# Juwel internal filter media



## Sacha (14 Apr 2014)

My tank is a Juwel Rio 125. I have a 1400 lph external filter inside which I have one coarse blue sponge, a layer of Sera Siporax, and a piece of white filter floss. As well as this, I also still use the Juwel internal Bioflow filter. I upgraded the pump from the stock 600 lph to a more powerful 1000 lph pump for added circulation. 
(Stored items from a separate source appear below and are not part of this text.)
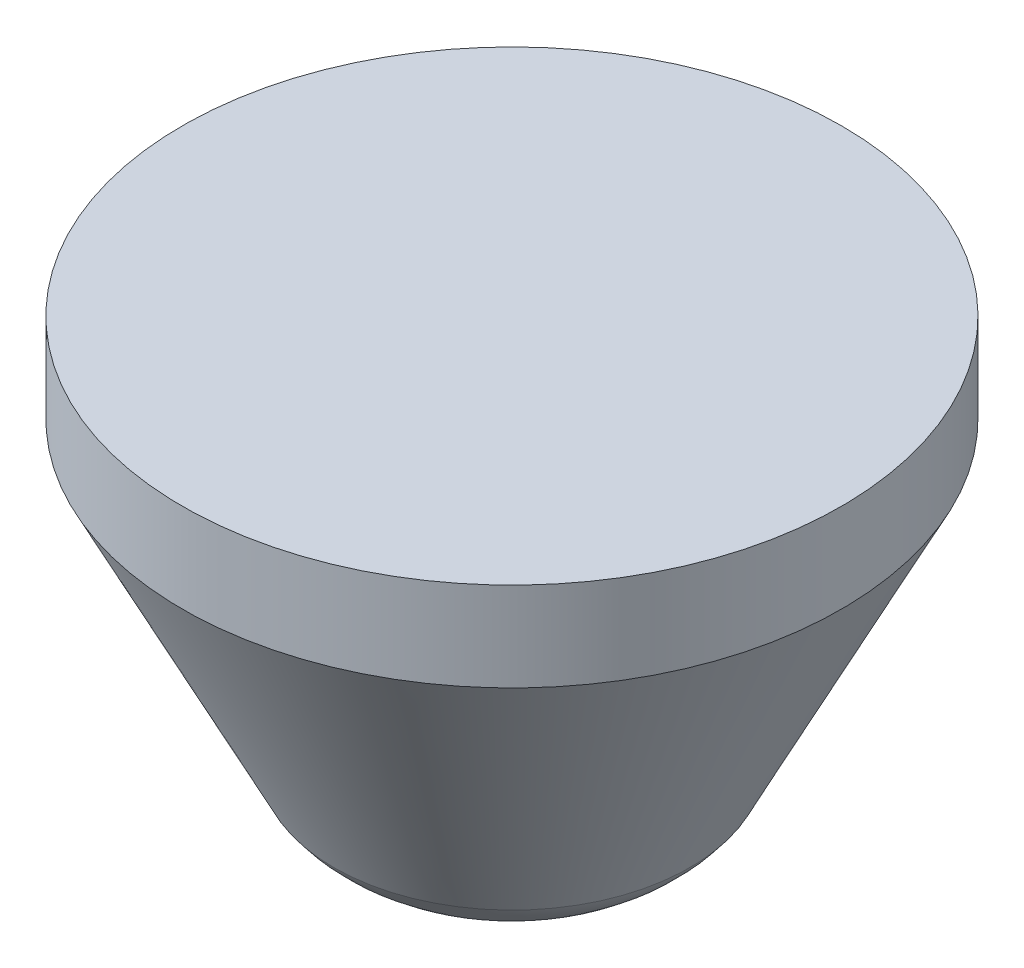
ISO-10303-21;
HEADER;
FILE_DESCRIPTION(('STEP AP214'),'2;1');
FILE_NAME('part.step','',(''),(''),'','','');
FILE_SCHEMA(('AUTOMOTIVE_DESIGN { 1 0 10303 214 1 1 1 1 }'));
ENDSEC;
DATA;
#1=APPLICATION_CONTEXT('core data for automotive mechanical design processes');
#2=APPLICATION_PROTOCOL_DEFINITION('international standard','automotive_design',2000,#1);
#3=PRODUCT_CONTEXT('',#1,'mechanical');
#4=PRODUCT('Part','Part','',(#3));
#5=PRODUCT_RELATED_PRODUCT_CATEGORY('part','',(#4));
#6=PRODUCT_DEFINITION_FORMATION('','',#4);
#7=PRODUCT_DEFINITION_CONTEXT('part definition',#1,'design');
#8=PRODUCT_DEFINITION('design','',#6,#7);
#9=PRODUCT_DEFINITION_SHAPE('','',#8);
#10=(LENGTH_UNIT() NAMED_UNIT(*) SI_UNIT(.MILLI.,.METRE.));
#11=(NAMED_UNIT(*) PLANE_ANGLE_UNIT() SI_UNIT($,.RADIAN.));
#12=(NAMED_UNIT(*) SI_UNIT($,.STERADIAN.) SOLID_ANGLE_UNIT());
#13=UNCERTAINTY_MEASURE_WITH_UNIT(LENGTH_MEASURE(1.E-05),#10,'distance_accuracy_value','');
#14=(GEOMETRIC_REPRESENTATION_CONTEXT(3) GLOBAL_UNCERTAINTY_ASSIGNED_CONTEXT((#13)) GLOBAL_UNIT_ASSIGNED_CONTEXT((#10,
#11,#12)) REPRESENTATION_CONTEXT('',''));
#15=CARTESIAN_POINT('',(0.,0.,0.));
#16=DIRECTION('',(0.,0.,1.));
#17=DIRECTION('',(1.,0.,0.));
#18=AXIS2_PLACEMENT_3D('',#15,#16,#17);
#19=CARTESIAN_POINT('',(1.54331945305403,0.,0.));
#20=DIRECTION('',(0.,-1.,0.));
#21=DIRECTION('',(0.,0.,-1.));
#22=AXIS2_PLACEMENT_3D('',#19,#20,#21);
#23=PLANE('',#22);
#24=CARTESIAN_POINT('',(0.,0.,0.));
#25=DIRECTION('',(0.,-1.,0.));
#26=DIRECTION('',(0.,0.,-1.));
#27=AXIS2_PLACEMENT_3D('',#24,#25,#26);
#28=CIRCLE('',#27,1.54331945305403);
#29=CARTESIAN_POINT('',(0.,0.,-1.54331945305403));
#30=VERTEX_POINT('',#29);
#31=EDGE_CURVE('E49',#30,#30,#28,.T.);
#32=ORIENTED_EDGE('',*,*,#31,.T.);
#33=EDGE_LOOP('',(#32));
#34=FACE_BOUND('',#33,.T.);
#35=ADVANCED_FACE('F35',(#34),#23,.T.);
#36=CARTESIAN_POINT('',(0.,10.,0.));
#37=DIRECTION('',(0.,1.,0.));
#38=DIRECTION('',(0.,0.,1.));
#39=AXIS2_PLACEMENT_3D('',#36,#37,#38);
#40=PLANE('',#39);
#41=CARTESIAN_POINT('',(0.,10.,0.));
#42=DIRECTION('',(0.,-1.,0.));
#43=DIRECTION('',(0.,0.,-1.));
#44=AXIS2_PLACEMENT_3D('',#41,#42,#43);
#45=CIRCLE('',#44,7.4);
#46=CARTESIAN_POINT('',(0.,10.,-7.4));
#47=VERTEX_POINT('',#46);
#48=EDGE_CURVE('E10',#47,#47,#45,.T.);
#49=ORIENTED_EDGE('',*,*,#48,.F.);
#50=EDGE_LOOP('',(#49));
#51=FACE_BOUND('',#50,.T.);
#52=ADVANCED_FACE('F67',(#51),#40,.T.);
#53=CARTESIAN_POINT('',(0.,0.,0.));
#54=DIRECTION('',(0.,-1.,0.));
#55=DIRECTION('',(0.,0.,-1.));
#56=AXIS2_PLACEMENT_3D('',#53,#54,#55);
#57=CYLINDRICAL_SURFACE('',#56,7.4);
#58=ORIENTED_EDGE('',*,*,#48,.T.);
#59=EDGE_LOOP('',(#58));
#60=FACE_BOUND('',#59,.T.);
#61=CARTESIAN_POINT('',(0.,8.,0.));
#62=DIRECTION('',(0.,-1.,0.));
#63=DIRECTION('',(0.,0.,-1.));
#64=AXIS2_PLACEMENT_3D('',#61,#62,#63);
#65=CIRCLE('',#64,7.4);
#66=CARTESIAN_POINT('',(0.,8.,-7.4));
#67=VERTEX_POINT('',#66);
#68=EDGE_CURVE('E41',#67,#67,#65,.T.);
#69=ORIENTED_EDGE('',*,*,#68,.F.);
#70=EDGE_LOOP('',(#69));
#71=FACE_BOUND('',#70,.T.);
#72=ADVANCED_FACE('F64',(#60,#71),#57,.T.);
#73=CARTESIAN_POINT('',(0.,1.27330944701672,0.));
#74=DIRECTION('',(0.,1.,0.));
#75=DIRECTION('',(0.,0.,1.));
#76=AXIS2_PLACEMENT_3D('',#73,#74,#75);
#77=CONICAL_SURFACE('',#76,3.99659068433652,0.468401033160418);
#78=ORIENTED_EDGE('',*,*,#68,.T.);
#79=EDGE_LOOP('',(#78));
#80=FACE_BOUND('',#79,.T.);
#81=CARTESIAN_POINT('',(0.,1.27330944701672,0.));
#82=DIRECTION('',(0.,-1.,0.));
#83=DIRECTION('',(0.,0.,-1.));
#84=AXIS2_PLACEMENT_3D('',#81,#82,#83);
#85=CIRCLE('',#84,3.99659068433652);
#86=CARTESIAN_POINT('',(0.,1.27330944701672,-3.99659068433652));
#87=VERTEX_POINT('',#86);
#88=EDGE_CURVE('E45',#87,#87,#85,.T.);
#89=ORIENTED_EDGE('',*,*,#88,.F.);
#90=EDGE_LOOP('',(#89));
#91=FACE_BOUND('',#90,.T.);
#92=ADVANCED_FACE('F58',(#80,#91),#77,.T.);
#93=CARTESIAN_POINT('',(0.,3.,0.));
#94=DIRECTION('',(0.,-1.,0.));
#95=DIRECTION('',(0.,0.,-1.));
#96=AXIS2_PLACEMENT_3D('',#93,#94,#95);
#97=DEGENERATE_TOROIDAL_SURFACE('',#96,1.54331945305403,3.,.T.);
#98=ORIENTED_EDGE('',*,*,#88,.T.);
#99=EDGE_LOOP('',(#98));
#100=FACE_BOUND('',#99,.T.);
#101=ORIENTED_EDGE('',*,*,#31,.F.);
#102=EDGE_LOOP('',(#101));
#103=FACE_BOUND('',#102,.T.);
#104=ADVANCED_FACE('F56',(#100,#103),#97,.T.);
#105=CLOSED_SHELL('',(#35,#52,#72,#92,#104));
#106=MANIFOLD_SOLID_BREP('B2',#105);
#107=ADVANCED_BREP_SHAPE_REPRESENTATION('',(#18,#106),#14);
#108=SHAPE_DEFINITION_REPRESENTATION(#9,#107);
ENDSEC;
END-ISO-10303-21;

My question is about the best media to have in the internal filter. Up until yesterday, I had this setup, from top to bottom: 

Poly pad 
Blue coarse 
Green (does same job as blue coarse) 
Cirax 

Cirax
Blue coarse
Blue fine 
Blue fine 

Now yesterday I thought that the flow was a little weaker than I would have liked, so I cleaned the filter, and I also removed one of the layers of Cirax, and put an extra poly pad in. So now I have it like this: 

Poly pad 
Poly pad
Blue coarse 
Green

Cirax
Blue coarse 
Blue fine 
Blue fine 

I have carefully prised open the container that holds the Cirax ceramic media. I was thinking of putting the ceramic media into the external filter along with the Siporax. By the look of it, it seems very similar to the Siporax? Just a good, porous media?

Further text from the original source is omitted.